(AIM OF THE EXERCISE)
Count the lines in the records below that contain the word "units", and give that figure alone.

(Data excerpts)
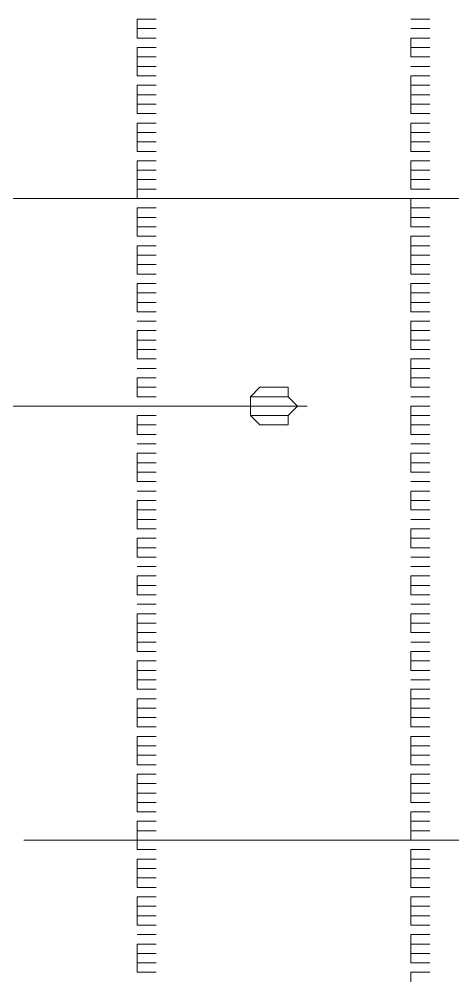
# Model space of a CAD drawing. Header units: inches. Extents: x 0.2 to 10.8, y 0.5 to 8.
# Drawn here: x 3.6142 to 3.6907, y 4.5983 to 4.7683 of the extents above; entities that cross this region are included whole.
import ezdxf

# ---------------------------------------------------------------- set-up
doc = ezdxf.new("R2010")
doc.units = ezdxf.units.IN
doc.header["$MEASUREMENT"] = 0
doc.layers.add('PDF_Geometry', color=7, linetype='Continuous')

msp = doc.modelspace()

# ---------------------------------------------------------------- linework, layer by layer
at = {"layer": 'PDF_Geometry', "lineweight": 9}
for points in [[(3.635, 4.76833), (3.63667, 4.76833)], [(3.635, 4.76833), (3.635, 4.76667)], [(3.63667, 4.76833), (3.63833, 4.76833)], [(3.68333, 4.76833), (3.685, 4.76833)], [(3.685, 4.76833), (3.68667, 4.76833)], [(3.635, 4.76667), (3.63667, 4.76667)], [(3.635, 4.76667), (3.635, 4.765)], [(3.635, 4.76667), (3.63667, 4.76667)], [(3.63667, 4.76667), (3.63833, 4.76667)], [(3.63667, 4.76667), (3.63833, 4.76667)], [(3.68333, 4.76667), (3.685, 4.76667)], [(3.68333, 4.76667), (3.685, 4.76667)], [(3.68333, 4.76667), (3.685, 4.76667)], [(3.685, 4.76667), (3.68667, 4.76667)], [(3.685, 4.76667), (3.68667, 4.76667)], [(3.685, 4.76667), (3.68667, 4.76667)], [(3.635, 4.765), (3.63667, 4.765)], [(3.635, 4.765), (3.63667, 4.765)], [(3.63667, 4.765), (3.63833, 4.765)], [(3.63667, 4.765), (3.63833, 4.765)], [(3.68333, 4.765), (3.685, 4.765)], [(3.68333, 4.765), (3.68333, 4.76333)], [(3.68333, 4.765), (3.685, 4.765)], [(3.685, 4.765), (3.68667, 4.765)], [(3.685, 4.765), (3.68667, 4.765)], [(3.635, 4.76333), (3.63667, 4.76333)], [(3.635, 4.76333), (3.635, 4.76167)], [(3.635, 4.76333), (3.63667, 4.76333)], [(3.63667, 4.76333), (3.63833, 4.76333)], [(3.63667, 4.76333), (3.63833, 4.76333)], [(3.68333, 4.76333), (3.685, 4.76333)], [(3.68333, 4.76333), (3.68333, 4.76167)], [(3.68333, 4.76333), (3.685, 4.76333)], [(3.685, 4.76333), (3.68667, 4.76333)], [(3.685, 4.76333), (3.68667, 4.76333)], [(3.635, 4.76167), (3.63667, 4.76167)], [(3.635, 4.76167), (3.635, 4.76)], [(3.635, 4.76167), (3.63667, 4.76167)], [(3.635, 4.76), (3.63667, 4.76)], [(3.635, 4.76), (3.635, 4.75833)], [(3.635, 4.76), (3.63667, 4.76)], [(3.63667, 4.76167), (3.63833, 4.76167)], [(3.63667, 4.76167), (3.63833, 4.76167)], [(3.63667, 4.76), (3.63833, 4.76)], [(3.63667, 4.76), (3.63833, 4.76)], [(3.68333, 4.76167), (3.685, 4.76167)], [(3.68333, 4.76167), (3.685, 4.76167)], [(3.68333, 4.76167), (3.685, 4.76167)], [(3.68333, 4.76), (3.685, 4.76)], [(3.68333, 4.76), (3.685, 4.76)], [(3.68333, 4.76), (3.685, 4.76)], [(3.685, 4.76167), (3.68667, 4.76167)], [(3.685, 4.76167), (3.68667, 4.76167)], [(3.685, 4.76167), (3.68667, 4.76167)], [(3.685, 4.76), (3.68667, 4.76)], [(3.685, 4.76), (3.68667, 4.76)], [(3.685, 4.76), (3.68667, 4.76)], [(3.635, 4.75833), (3.63667, 4.75833)], [(3.635, 4.75833), (3.63667, 4.75833)], [(3.63667, 4.75833), (3.63833, 4.75833)], [(3.63667, 4.75833), (3.63833, 4.75833)], [(3.68333, 4.75833), (3.685, 4.75833)], [(3.68333, 4.75833), (3.68333, 4.75667)], [(3.68333, 4.75833), (3.685, 4.75833)], [(3.685, 4.75833), (3.68667, 4.75833)], [(3.685, 4.75833), (3.68667, 4.75833)], [(3.635, 4.75667), (3.63667, 4.75667)], [(3.635, 4.75667), (3.635, 4.755)], [(3.635, 4.75667), (3.63667, 4.75667)], [(3.63667, 4.75667), (3.63833, 4.75667)], [(3.63667, 4.75667), (3.63833, 4.75667)], [(3.68333, 4.75667), (3.685, 4.75667)], [(3.68333, 4.75667), (3.68333, 4.755)], [(3.68333, 4.75667), (3.685, 4.75667)], [(3.685, 4.75667), (3.68667, 4.75667)], [(3.685, 4.75667), (3.68667, 4.75667)], [(3.635, 4.755), (3.63667, 4.755)], [(3.635, 4.755), (3.635, 4.75333)], [(3.635, 4.755), (3.63667, 4.755)], [(3.63667, 4.755), (3.63833, 4.755)], [(3.63667, 4.755), (3.63833, 4.755)], [(3.68333, 4.755), (3.685, 4.755)], [(3.68333, 4.755), (3.68333, 4.75333)], [(3.68333, 4.755), (3.685, 4.755)], [(3.685, 4.755), (3.68667, 4.755)], [(3.685, 4.755), (3.68667, 4.755)], [(3.635, 4.75333), (3.63667, 4.75333)], [(3.635, 4.75333), (3.635, 4.75167)], [(3.635, 4.75333), (3.63667, 4.75333)], [(3.63667, 4.75333), (3.63833, 4.75333)], [(3.63667, 4.75333), (3.63833, 4.75333)], [(3.68333, 4.75333), (3.685, 4.75333)], [(3.68333, 4.75333), (3.68333, 4.75167)], [(3.68333, 4.75333), (3.685, 4.75333)], [(3.685, 4.75333), (3.68667, 4.75333)], [(3.685, 4.75333), (3.68667, 4.75333)], [(3.635, 4.75167), (3.63667, 4.75167)], [(3.635, 4.75167), (3.63667, 4.75167)], [(3.63667, 4.75167), (3.63833, 4.75167)], [(3.63667, 4.75167), (3.63833, 4.75167)], [(3.68333, 4.75167), (3.685, 4.75167)], [(3.68333, 4.75167), (3.685, 4.75167)], [(3.685, 4.75167), (3.68667, 4.75167)], [(3.685, 4.75167), (3.68667, 4.75167)], [(3.635, 4.75), (3.63667, 4.75)], [(3.635, 4.75), (3.635, 4.74833)], [(3.635, 4.75), (3.63667, 4.75)], [(3.63667, 4.75), (3.63833, 4.75)], [(3.63667, 4.75), (3.63833, 4.75)], [(3.68333, 4.75), (3.685, 4.75)], [(3.68333, 4.75), (3.68333, 4.74833)], [(3.68333, 4.75), (3.685, 4.75)], [(3.685, 4.75), (3.68667, 4.75)], [(3.685, 4.75), (3.68667, 4.75)], [(3.635, 4.74833), (3.63667, 4.74833)], [(3.635, 4.74833), (3.635, 4.74667)], [(3.635, 4.74833), (3.63667, 4.74833)], [(3.63667, 4.74833), (3.63833, 4.74833)], [(3.63667, 4.74833), (3.63833, 4.74833)], [(3.68333, 4.74833), (3.685, 4.74833)], [(3.68333, 4.74833), (3.68333, 4.74667)], [(3.68333, 4.74833), (3.685, 4.74833)], [(3.685, 4.74833), (3.68667, 4.74833)], [(3.685, 4.74833), (3.68667, 4.74833)], [(3.635, 4.74667), (3.63667, 4.74667)], [(3.635, 4.74667), (3.635, 4.745)], [(3.635, 4.74667), (3.63667, 4.74667)], [(3.63667, 4.74667), (3.63833, 4.74667)], [(3.63667, 4.74667), (3.63833, 4.74667)], [(3.68333, 4.74667), (3.685, 4.74667)], [(3.68333, 4.74667), (3.68333, 4.745)], [(3.68333, 4.74667), (3.685, 4.74667)], [(3.685, 4.74667), (3.68667, 4.74667)], [(3.685, 4.74667), (3.68667, 4.74667)], [(3.635, 4.745), (3.63667, 4.745)], [(3.635, 4.745), (3.63667, 4.745)], [(3.63667, 4.745), (3.63833, 4.745)], [(3.63667, 4.745), (3.63833, 4.745)], [(3.68333, 4.745), (3.685, 4.745)], [(3.68333, 4.745), (3.685, 4.745)], [(3.685, 4.745), (3.68667, 4.745)], [(3.685, 4.745), (3.68667, 4.745)], [(3.635, 4.74333), (3.63667, 4.74333)], [(3.635, 4.74333), (3.635, 4.74167)], [(3.635, 4.74333), (3.63667, 4.74333)], [(3.63667, 4.74333), (3.63833, 4.74333)], [(3.63667, 4.74333), (3.63833, 4.74333)], [(3.68333, 4.74333), (3.685, 4.74333)], [(3.68333, 4.74333), (3.68333, 4.74167)], [(3.68333, 4.74333), (3.685, 4.74333)], [(3.685, 4.74333), (3.68667, 4.74333)], [(3.685, 4.74333), (3.68667, 4.74333)], [(3.635, 4.74167), (3.63667, 4.74167)], [(3.635, 4.74167), (3.635, 4.74)], [(3.635, 4.74167), (3.63667, 4.74167)], [(3.63667, 4.74167), (3.63833, 4.74167)], [(3.63667, 4.74167), (3.63833, 4.74167)], [(3.68333, 4.74167), (3.685, 4.74167)], [(3.68333, 4.74167), (3.68333, 4.74)], [(3.68333, 4.74167), (3.685, 4.74167)], [(3.685, 4.74167), (3.68667, 4.74167)], [(3.685, 4.74167), (3.68667, 4.74167)], [(3.635, 4.74), (3.63667, 4.74)], [(3.635, 4.74), (3.635, 4.73833)], [(3.635, 4.74), (3.63667, 4.74)], [(3.63667, 4.74), (3.63833, 4.74)], [(3.63667, 4.74), (3.63833, 4.74)], [(3.68333, 4.74), (3.685, 4.74)], [(3.68333, 4.74), (3.68333, 4.73833)], [(3.68333, 4.74), (3.685, 4.74)], [(3.685, 4.74), (3.68667, 4.74)], [(3.685, 4.74), (3.68667, 4.74)], [(3.635, 4.73833), (3.63667, 4.73833)], [(3.635, 4.73833), (3.635, 4.73667)], [(3.635, 4.73833), (3.63667, 4.73833)], [(3.63667, 4.73833), (3.63833, 4.73833)], [(3.63667, 4.73833), (3.63833, 4.73833)], [(3.68333, 4.73833), (3.685, 4.73833)], [(3.68333, 4.73833), (3.685, 4.73833)], [(3.685, 4.73833), (3.68667, 4.73833)], [(3.685, 4.73833), (3.68667, 4.73833)], [(3.57667, 4.73667), (3.86333, 4.73667)], [(3.635, 4.73667), (3.63667, 4.73667)], [(3.635, 4.73667), (3.63667, 4.73667)], [(3.63667, 4.73667), (3.63833, 4.73667)], [(3.63667, 4.73667), (3.63833, 4.73667)], [(3.68333, 4.73667), (3.685, 4.73667)], [(3.68333, 4.73667), (3.68333, 4.735)], [(3.68333, 4.73667), (3.685, 4.73667)], [(3.685, 4.73667), (3.68667, 4.73667)], [(3.685, 4.73667), (3.68667, 4.73667)], [(3.635, 4.735), (3.63667, 4.735)], [(3.635, 4.735), (3.635, 4.73333)], [(3.635, 4.735), (3.63667, 4.735)], [(3.63667, 4.735), (3.63833, 4.735)], [(3.63667, 4.735), (3.63833, 4.735)], [(3.68333, 4.735), (3.685, 4.735)], [(3.68333, 4.735), (3.68333, 4.73333)], [(3.68333, 4.735), (3.685, 4.735)], [(3.685, 4.735), (3.68667, 4.735)], [(3.685, 4.735), (3.68667, 4.735)], [(3.635, 4.73333), (3.63667, 4.73333)], [(3.635, 4.73333), (3.635, 4.73167)], [(3.635, 4.73333), (3.63667, 4.73333)], [(3.63667, 4.73333), (3.63833, 4.73333)], [(3.63667, 4.73333), (3.63833, 4.73333)], [(3.68333, 4.73333), (3.685, 4.73333)], [(3.68333, 4.73333), (3.68333, 4.73167)], [(3.68333, 4.73333), (3.685, 4.73333)], [(3.685, 4.73333), (3.68667, 4.73333)], [(3.685, 4.73333), (3.68667, 4.73333)], [(3.635, 4.73167), (3.63667, 4.73167)], [(3.635, 4.73167), (3.635, 4.73)], [(3.635, 4.73167), (3.63667, 4.73167)], [(3.63667, 4.73167), (3.63833, 4.73167)], [(3.63667, 4.73167), (3.63833, 4.73167)], [(3.68333, 4.73167), (3.685, 4.73167)], [(3.68333, 4.73167), (3.685, 4.73167)], [(3.685, 4.73167), (3.68667, 4.73167)], [(3.685, 4.73167), (3.68667, 4.73167)], [(3.635, 4.73), (3.63667, 4.73)], [(3.635, 4.73), (3.63667, 4.73)], [(3.63667, 4.73), (3.63833, 4.73)], [(3.63667, 4.73), (3.63833, 4.73)], [(3.68333, 4.73), (3.685, 4.73)], [(3.68333, 4.73), (3.68333, 4.72833)], [(3.68333, 4.73), (3.685, 4.73)], [(3.685, 4.73), (3.68667, 4.73)], [(3.685, 4.73), (3.68667, 4.73)], [(3.635, 4.72833), (3.63667, 4.72833)], [(3.635, 4.72833), (3.635, 4.72667)], [(3.635, 4.72833), (3.63667, 4.72833)], [(3.63667, 4.72833), (3.63833, 4.72833)], [(3.63667, 4.72833), (3.63833, 4.72833)], [(3.68333, 4.72833), (3.685, 4.72833)], [(3.68333, 4.72833), (3.68333, 4.72667)], [(3.68333, 4.72833), (3.685, 4.72833)], [(3.685, 4.72833), (3.68667, 4.72833)], [(3.685, 4.72833), (3.68667, 4.72833)], [(3.635, 4.72667), (3.63667, 4.72667)], [(3.635, 4.72667), (3.635, 4.725)], [(3.635, 4.72667), (3.63667, 4.72667)], [(3.63667, 4.72667), (3.63833, 4.72667)], [(3.63667, 4.72667), (3.63833, 4.72667)], [(3.68333, 4.72667), (3.685, 4.72667)], [(3.68333, 4.72667), (3.68333, 4.725)], [(3.68333, 4.72667), (3.685, 4.72667)], [(3.685, 4.72667), (3.68667, 4.72667)], [(3.685, 4.72667), (3.68667, 4.72667)], [(3.635, 4.725), (3.63667, 4.725)], [(3.635, 4.725), (3.635, 4.72333)], [(3.635, 4.725), (3.63667, 4.725)], [(3.63667, 4.725), (3.63833, 4.725)], [(3.63667, 4.725), (3.63833, 4.725)], [(3.68333, 4.725), (3.685, 4.725)], [(3.68333, 4.725), (3.68333, 4.72333)], [(3.68333, 4.725), (3.685, 4.725)], [(3.685, 4.725), (3.68667, 4.725)], [(3.685, 4.725), (3.68667, 4.725)], [(3.635, 4.72333), (3.63667, 4.72333)], [(3.635, 4.72333), (3.63667, 4.72333)], [(3.63667, 4.72333), (3.63833, 4.72333)], [(3.63667, 4.72333), (3.63833, 4.72333)], [(3.68333, 4.72333), (3.685, 4.72333)], [(3.68333, 4.72333), (3.685, 4.72333)], [(3.685, 4.72333), (3.68667, 4.72333)], [(3.685, 4.72333), (3.68667, 4.72333)], [(3.635, 4.72167), (3.63667, 4.72167)], [(3.635, 4.72167), (3.635, 4.72)], [(3.635, 4.72167), (3.63667, 4.72167)], [(3.63667, 4.72167), (3.63833, 4.72167)], [(3.63667, 4.72167), (3.63833, 4.72167)], [(3.68333, 4.72167), (3.685, 4.72167)], [(3.68333, 4.72167), (3.68333, 4.72)], [(3.68333, 4.72167), (3.685, 4.72167)], [(3.685, 4.72167), (3.68667, 4.72167)], [(3.685, 4.72167), (3.68667, 4.72167)], [(3.635, 4.72), (3.63667, 4.72)], [(3.635, 4.72), (3.635, 4.71833)], [(3.635, 4.72), (3.63667, 4.72)], [(3.63667, 4.72), (3.63833, 4.72)], [(3.63667, 4.72), (3.63833, 4.72)], [(3.68333, 4.72), (3.685, 4.72)], [(3.68333, 4.72), (3.68333, 4.71833)], [(3.68333, 4.72), (3.685, 4.72)], [(3.685, 4.72), (3.68667, 4.72)], [(3.685, 4.72), (3.68667, 4.72)], [(3.635, 4.71833), (3.63667, 4.71833)], [(3.635, 4.71833), (3.635, 4.71667)], [(3.635, 4.71833), (3.63667, 4.71833)], [(3.63667, 4.71833), (3.63833, 4.71833)], [(3.63667, 4.71833), (3.63833, 4.71833)], [(3.68333, 4.71833), (3.685, 4.71833)], [(3.68333, 4.71833), (3.68333, 4.71667)], [(3.68333, 4.71833), (3.685, 4.71833)], [(3.685, 4.71833), (3.68667, 4.71833)], [(3.685, 4.71833), (3.68667, 4.71833)], [(3.635, 4.71667), (3.63667, 4.71667)], [(3.635, 4.71667), (3.63667, 4.71667)], [(3.635, 4.71667), (3.63667, 4.71667)], [(3.63667, 4.71667), (3.63833, 4.71667)], [(3.63667, 4.71667), (3.63833, 4.71667)], [(3.63667, 4.71667), (3.63833, 4.71667)], [(3.68333, 4.71667), (3.685, 4.71667)], [(3.68333, 4.71667), (3.685, 4.71667)], [(3.685, 4.71667), (3.68667, 4.71667)], [(3.685, 4.71667), (3.68667, 4.71667)], [(3.635, 4.715), (3.63667, 4.715)], [(3.635, 4.715), (3.63667, 4.715)], [(3.635, 4.715), (3.63667, 4.715)], [(3.63667, 4.715), (3.63833, 4.715)], [(3.63667, 4.715), (3.63833, 4.715)], [(3.63667, 4.715), (3.63833, 4.715)], [(3.68333, 4.715), (3.685, 4.715)], [(3.68333, 4.715), (3.68333, 4.71333)], [(3.68333, 4.715), (3.685, 4.715)], [(3.685, 4.715), (3.68667, 4.715)], [(3.685, 4.715), (3.68667, 4.715)], [(3.635, 4.71333), (3.63667, 4.71333)], [(3.635, 4.71333), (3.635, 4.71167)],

(WRITTEN REPLY)
2